[DATA EXTRACT Boundary: Start]
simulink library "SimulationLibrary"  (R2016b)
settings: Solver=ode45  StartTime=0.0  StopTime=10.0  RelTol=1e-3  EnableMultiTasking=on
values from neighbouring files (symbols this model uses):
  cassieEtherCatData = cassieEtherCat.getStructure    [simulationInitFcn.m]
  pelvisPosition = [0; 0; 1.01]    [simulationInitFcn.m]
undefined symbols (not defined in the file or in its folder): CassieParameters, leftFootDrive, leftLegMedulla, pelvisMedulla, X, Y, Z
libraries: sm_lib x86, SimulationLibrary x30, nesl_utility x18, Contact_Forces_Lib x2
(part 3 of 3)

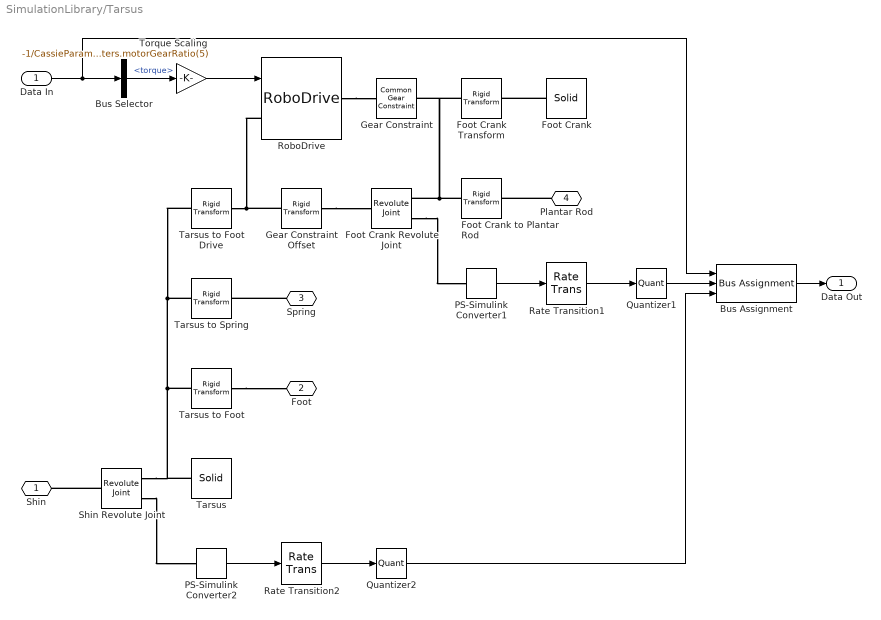
== system SimulationLibrary/Tarsus ==
  Data In : Inport  OutDataTypeStr=Bus: cassieEtherCatBus
  Bus Assignment : BusAssignment  AssignedSignals=leftFootDrive.inputs.position,leftLegMedulla.miscInputs.ankleJointEncoder
  Bus Selector : BusSelector  OutputSignals=leftFootDrive.outputs.torque
  Foot Crank : sm_lib/Body Elements/Solid  InertiaType=Custom  Mass=0.129  MassUnits=kg  CenterOfMass=[4.81; 0.02; -2.93]/1000  CenterOfMassUnits=m  MomentsOfInertia=[30.7; 57.05; 66.43]/1000000  MomentsOfInertiaUnits=kg*m^2  ProductsOfInertia=[0.0066; 2.62; 0.0019]/1000000  ProductsOfInertiaUnits=kg*m^2  DensityBased=on  Density=1000  DensityUnits=kg/(m^3)  DoExposeReferenceFrame=on  SerializedFrames=<Frames/>  GraphicType=FromGeometry  MarkerShape=Sphere  MarkerSize=10  GraphicVisPropType=AdvancedVisualProperties  GraphicDiffuseColor=simulationParameters.diffuseColor  GraphicSpecularColor=simulationParameters.specularColor  GraphicAmbientColor=simulationParameters.ambientColor  GraphicEmissiveColor=simulationParameters.emissiveColor  GraphicShininess=simulationParameters.shininess  GraphicOpacity=1  GeometryShape=FromFile  RectangleSize=[1 1]  RectangleSizeUnits=m  BrickDimensions=[1 1 1]  BrickDimensionUnits=m  CylinderRadius=1  CylinderRadiusUnits=m  CylinderLength=1  CylinderLengthUnits=m  SphereRadius=1  SphereRadiusUnits=m  EllipsoidRadii=[1 1 1]  EllipsoidRadiiUnits=m  ExtrusionCrossSection=[1 1; -1 1; -1 -1; 1 -1]  ExtrusionCrossSectionUnits=m  ExtrusionLength=1  ExtrusionLengthUnits=m  PolygonNumSides=3  PolygonOuterRadius=1  PolygonOuterRadiusUnits=m  ExtGeomFileType=STL  ExtGeomFileName=foot_crank.stl  ExtGeomFileUnits=m  RevolutionCrossSection=[1 1; 1 -1; 2 -1; 2 1]  RevolutionCrossSectionUnits=m  RevolutionExtent=Full  RevolutionAngle=180  RevolutionAngleUnits=deg
  Foot Crank Revolute Joint : sm_lib/Joints/Revolute Joint  SenseConstraintForce=off  SenseConstraintForceX=off  SenseConstraintForceY=off  SenseConstraintForceZ=off  SenseConstraintTorque=off  SenseConstraintTorqueX=off  SenseConstraintTorqueY=off  SenseConstraintTorqueZ=off  SenseTotalForce=off  SenseTotalForceX=off  SenseTotalForceY=off  SenseTotalForceZ=off  SenseTotalTorque=off  SenseTotalTorqueX=off  SenseTotalTorqueY=off  SenseTotalTorqueZ=off  CompositeWrenchDir=FollowerOnBase  CompositeWrenchFrame=BaseFrame  EquilibriumPosition=0  EquilibriumPositionUnits=deg  SpringStiffness=0  SpringStiffnessUnits=N*m/deg  DampingCoefficient=CassieParameters.motorViscousFrictionCoefficient(5)  DampingCoefficientUnits=N*m/(rad/s)  TorqueActuationMode=NoTorque  MotionActuationMode=ComputedMotion  SensePosition=on  SenseVelocity=off  SenseAcceleration=off  SenseTorqueForce=off  PositionTargetSpecify=on  PositionTargetPriority=High  PositionTargetValue=cassieEtherCatData.leftFootDrive.inputs.position  PositionTargetValueUnits=rad  VelocityTargetSpecify=on  VelocityTargetPriority=High  VelocityTargetValue=0  VelocityTargetValueUnits=rad/s
  Foot Crank Transform : sm_lib/Frames and Transforms/Rigid Transform  TranslationMethod=None  TranslationStandardOffset=0  TranslationLengthUnit=m  TranslationStandardAxis=+Z  TranslationCartesianOffset=[0 0 0]  TranslationROffset=0  TranslationROffsetUnits=m  TranslationZOffset=0  TranslationZOffsetUnits=m  TranslationThetaOffset=0  TranslationThetaOffsetUnits=deg  RotationMethod=StandardAxis  RotationAngleUnits=rad  RotationStandardAxis=+X  RotationAngle=0  RotationArbitraryAxis=[0 0 1]  FollAlignAxisA=+X  BaseAlignAxisA=+Y  FollAlignAxisB=+Y  BaseAlignAxisB=+Z  RotationSequenceAxes=FollowerAxes  RotationSequence=XYZ  RotationSequenceAngles=[90 0 0]  RotationSequenceAnglesUnits=deg  RotationMatrix=[1 0 0; 0 1 0; 0 0 1]
  Foot Crank to Plantar Rod : sm_lib/Frames and Transforms/Rigid Transform  TranslationMethod=Cartesian  TranslationStandardOffset=0  TranslationLengthUnit=m  TranslationStandardAxis=+Z  TranslationCartesianOffset=[55 0 -7.91]/1000  TranslationROffset=0  TranslationROffsetUnits=m  TranslationZOffset=0  TranslationZOffsetUnits=m  TranslationThetaOffset=0  TranslationThetaOffsetUnits=deg  RotationMethod=None  RotationAngleUnits=deg  RotationStandardAxis=+Z  RotationAngle=0.0  RotationArbitraryAxis=[0 0 1]  FollAlignAxisA=+X  BaseAlignAxisA=+Y  FollAlignAxisB=+Y  BaseAlignAxisB=+Z  RotationSequenceAxes=FollowerAxes  RotationSequence=XYZ  RotationSequenceAngles=[90 0 0]  RotationSequenceAnglesUnits=deg  RotationMatrix=[1 0 0; 0 1 0; 0 0 1]
  Gear Constraint : sm_lib/Gears and Couplings/Gears/Common Gear Constraint  GearType=External  SpecificationType=CenterDistanceRatio  CenterDistance=1e-6  CenterDistanceUnits=m  GearRatio=CassieParameters.motorGearRatio(5)  BaseGearRadius=10.0  BaseGearRadiusUnits=cm  FollGearRadius=10.0  FollGearRadiusUnits=cm  AssemblyGearRotation=Free
  Gear Constraint Offset : sm_lib/Frames and Transforms/Rigid Transform  TranslationMethod=StandardAxis  TranslationStandardOffset=1e-6  TranslationLengthUnit=m  TranslationStandardAxis=+Y  TranslationCartesianOffset=[0 0 0]  TranslationROffset=0  TranslationROffsetUnits=m  TranslationZOffset=0  TranslationZOffsetUnits=m  TranslationThetaOffset=0  TranslationThetaOffsetUnits=deg  RotationMethod=None  RotationAngleUnits=deg  RotationStandardAxis=+Z  RotationAngle=0.0  RotationArbitraryAxis=[0 0 1]  FollAlignAxisA=+X  BaseAlignAxisA=+Y  FollAlignAxisB=+Y  BaseAlignAxisB=+Z  RotationSequenceAxes=FollowerAxes  RotationSequence=XYX  RotationSequenceAngles=[0 0 0]  RotationSequenceAnglesUnits=deg  RotationMatrix=[1 0 0; 0 1 0; 0 0 1]
  PS-Simulink Converter1 : nesl_utility/PS-Simulink Converter  PhysicalDomain=network_engine_domain  SubClassName=ps_output  LeftPortType=input  RightPortType=output  PseudoPeriodic=off  Frequencies=[]  Unit=rad  AffineConversion=off
  PS-Simulink Converter2 : nesl_utility/PS-Simulink Converter  PhysicalDomain=network_engine_domain  SubClassName=ps_output  LeftPortType=input  RightPortType=output  PseudoPeriodic=off  Frequencies=[]  Unit=rad  AffineConversion=off
  Quantizer1 : Quantizer  QuantizationInterval=(2*pi)/(CassieParameters.motorEncoderTicks(5)*CassieParameters.motorGearRatio(5))
  Quantizer2 : Quantizer  QuantizationInterval=(2*pi)/CassieParameters.jointEncoderTicks(2)
  Rate Transition1 : RateTransition  Deterministic=off  OutPortSampleTime=CassieParameters.etherCatSampleTime
  Rate Transition2 : RateTransition  Deterministic=off  OutPortSampleTime=CassieParameters.etherCatSampleTime
  RoboDrive : SimulationLibrary/RoboDrive  model=50x8
  Shin Revolute Joint : sm_lib/Joints/Revolute Joint  SenseConstraintForce=off  SenseConstraintForceX=off  SenseConstraintForceY=off  SenseConstraintForceZ=off  SenseConstraintTorque=off  SenseConstraintTorqueX=off  SenseConstraintTorqueY=off  SenseConstraintTorqueZ=off  SenseTotalForce=off  SenseTotalForceX=off  SenseTotalForceY=off  SenseTotalForceZ=off  SenseTotalTorque=off  SenseTotalTorqueX=off  SenseTotalTorqueY=off  SenseTotalTorqueZ=off  CompositeWrenchDir=FollowerOnBase  CompositeWrenchFrame=BaseFrame  EquilibriumPosition=0  EquilibriumPositionUnits=deg  SpringStiffness=0  SpringStiffnessUnits=N*m/deg  DampingCoefficient=0  DampingCoefficientUnits=N*m/(deg/s)  TorqueActuationMode=NoTorque  MotionActuationMode=ComputedMotion  SensePosition=on  SenseVelocity=off  SenseAcceleration=off  SenseTorqueForce=off  PositionTargetSpecify=on  PositionTargetPriority=Low  PositionTargetValue=pi/2  PositionTargetValueUnits=rad  VelocityTargetSpecify=on  VelocityTargetPriority=High  VelocityTargetValue=0  VelocityTargetValueUnits=rad/s
  Tarsus : sm_lib/Body Elements/Solid  InertiaType=Custom  Mass=0.782  MassUnits=kg  CenterOfMass=[110.46; -30.58; -1.31]/1000  CenterOfMassUnits=m  MomentsOfInertia=[1125; 23138; 23947]/1000000  MomentsOfInertiaUnits=kg*m^2  ProductsOfInertia=[36.15; -63.29; -2878]/1000000  ProductsOfInertiaUnits=kg*m^2  DensityBased=on  Density=1000  DensityUnits=kg/(m^3)  DoExposeReferenceFrame=on  SerializedFrames=<Frames/>  GraphicType=FromGeometry  MarkerShape=Sphere  MarkerSize=10  GraphicVisPropType=AdvancedVisualProperties  GraphicDiffuseColor=simulationParameters.diffuseColor  GraphicSpecularColor=simulationParameters.specularColor  GraphicAmbientColor=simulationParameters.ambientColor  GraphicEmissiveColor=simulationParameters.emissiveColor  GraphicShininess=simulationParameters.shininess  GraphicOpacity=1.0  GeometryShape=FromFile  RectangleSize=[1 1]  RectangleSizeUnits=m  BrickDimensions=[1 1 1]  BrickDimensionUnits=m  CylinderRadius=1  CylinderRadiusUnits=m  CylinderLength=1  CylinderLengthUnits=m  SphereRadius=1  SphereRadiusUnits=m  EllipsoidRadii=[1 1 1]  EllipsoidRadiiUnits=m  ExtrusionCrossSection=[1 1; -1 1; -1 -1; 1 -1]  ExtrusionCrossSectionUnits=m  ExtrusionLength=1  ExtrusionLengthUnits=m  PolygonNumSides=3  PolygonOuterRadius=1  PolygonOuterRadiusUnits=m  ExtGeomFileType=STL  ExtGeomFileName=left_tarsus.stl  ExtGeomFileUnits=m  RevolutionCrossSection=[1 1; 1 -1; 2 -1; 2 1]  RevolutionCrossSectionUnits=m  RevolutionExtent=Full  RevolutionAngle=180  RevolutionAngleUnits=deg
  Tarsus to Foot : sm_lib/Frames and Transforms/Rigid Transform  TranslationMethod=Cartesian  TranslationStandardOffset=0  TranslationLengthUnit=m  TranslationStandardAxis=+Z  TranslationCartesianOffset=[408 -40 0]/1000  TranslationROffset=0  TranslationROffsetUnits=m  TranslationZOffset=0  TranslationZOffsetUnits=m  TranslationThetaOffset=0  TranslationThetaOffsetUnits=deg  RotationMethod=None  RotationAngleUnits=deg  RotationStandardAxis=+Z  RotationAngle=0.0  RotationArbitraryAxis=[0 0 1]  FollAlignAxisA=+X  BaseAlignAxisA=+Y  FollAlignAxisB=+Y  BaseAlignAxisB=+Z  RotationSequenceAxes=FollowerAxes  RotationSequence=XYZ  RotationSequenceAngles=[-90 0 0]  RotationSequenceAnglesUnits=deg  RotationMatrix=[1 0 0; 0 1 0; 0 0 1]
  Tarsus to Foot Drive : sm_lib/Frames and Transforms/Rigid Transform  TranslationMethod=Cartesian  TranslationStandardOffset=0  TranslationLengthUnit=m  TranslationStandardAxis=+Z  TranslationCartesianOffset=[58 -34 22.75]/1000  TranslationROffset=0  TranslationROffsetUnits=m  TranslationZOffset=0  TranslationZOffsetUnits=m  TranslationThetaOffset=0  TranslationThetaOffsetUnits=deg  RotationMethod=None  RotationAngleUnits=deg  RotationStandardAxis=+Z  RotationAngle=0  RotationArbitraryAxis=[0 0 1]  FollAlignAxisA=+X  BaseAlignAxisA=+Y  FollAlignAxisB=+Y  BaseAlignAxisB=+Z  RotationSequenceAxes=FollowerAxes  RotationSequence=XYZ  RotationSequenceAngles=[-90 0 0]  RotationSequenceAnglesUnits=deg  RotationMatrix=[1 0 0; 0 1 0; 0 0 1]
  Tarsus to Spring : sm_lib/Frames and Transforms/Rigid Transform  TranslationMethod=Cartesian  TranslationStandardOffset=0  TranslationLengthUnit=m  TranslationStandardAxis=+Z  TranslationCartesianOffset=[-12.69 -30.59 0.92]/1000  TranslationROffset=0  TranslationROffsetUnits=m  TranslationZOffset=0  TranslationZOffsetUnits=m  TranslationThetaOffset=0  TranslationThetaOffsetUnits=deg  RotationMethod=RotationSequence  RotationAngleUnits=deg  RotationStandardAxis=+Z  RotationAngle=0.0  RotationArbitraryAxis=[0 0 1]  FollAlignAxisA=+X  BaseAlignAxisA=+Y  FollAlignAxisB=+Y  BaseAlignAxisB=+Z  RotationSequenceAxes=BaseAxes  RotationSequence=ZYX  RotationSequenceAngles=[155.8, 0.315, 4.47]  RotationSequenceAnglesUnits=deg  RotationMatrix=eye(3)
  Torque Scaling : Gain  Gain=-1/CassieParameters.motorGearRatio(5)
  Shin : PMIOPort  Port=1  Side=Left
  Foot : PMIOPort  Port=2  Side=Right
  Spring : PMIOPort  Port=3  Side=Left
  Plantar Rod : PMIOPort  Port=4  Side=Right
  Data Out : Outport
  wires:
  Bus Assignment/1 -> Data Out/1
  Data In/1 -> Bus Selector/1, Bus Assignment/1
  PS-Simulink Converter2/1 -> Rate Transition2/1
  PS-Simulink Converter1/1 -> Rate Transition1/1
  Bus Selector/1 -> Torque Scaling/1  "<torque>"
  Torque Scaling/1 -> RoboDrive/1
  Rate Transition1/1 -> Quantizer1/1
  Quantizer1/1 -> Bus Assignment/2
  Rate Transition2/1 -> Quantizer2/1
  Quantizer2/1 -> Bus Assignment/3
  connections:
  Tarsus to Foot/RConn1 -- Foot/RConn1
  Spring/RConn1 -- Tarsus to Spring/RConn1
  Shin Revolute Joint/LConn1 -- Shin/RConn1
[DATA EXTRACT Boundary: End]
# [TRY IT]
Looking at the records above, please work out how many lines contain "PseudoPeriodic" and state only that number.

# [WRITTEN ANSWER]
2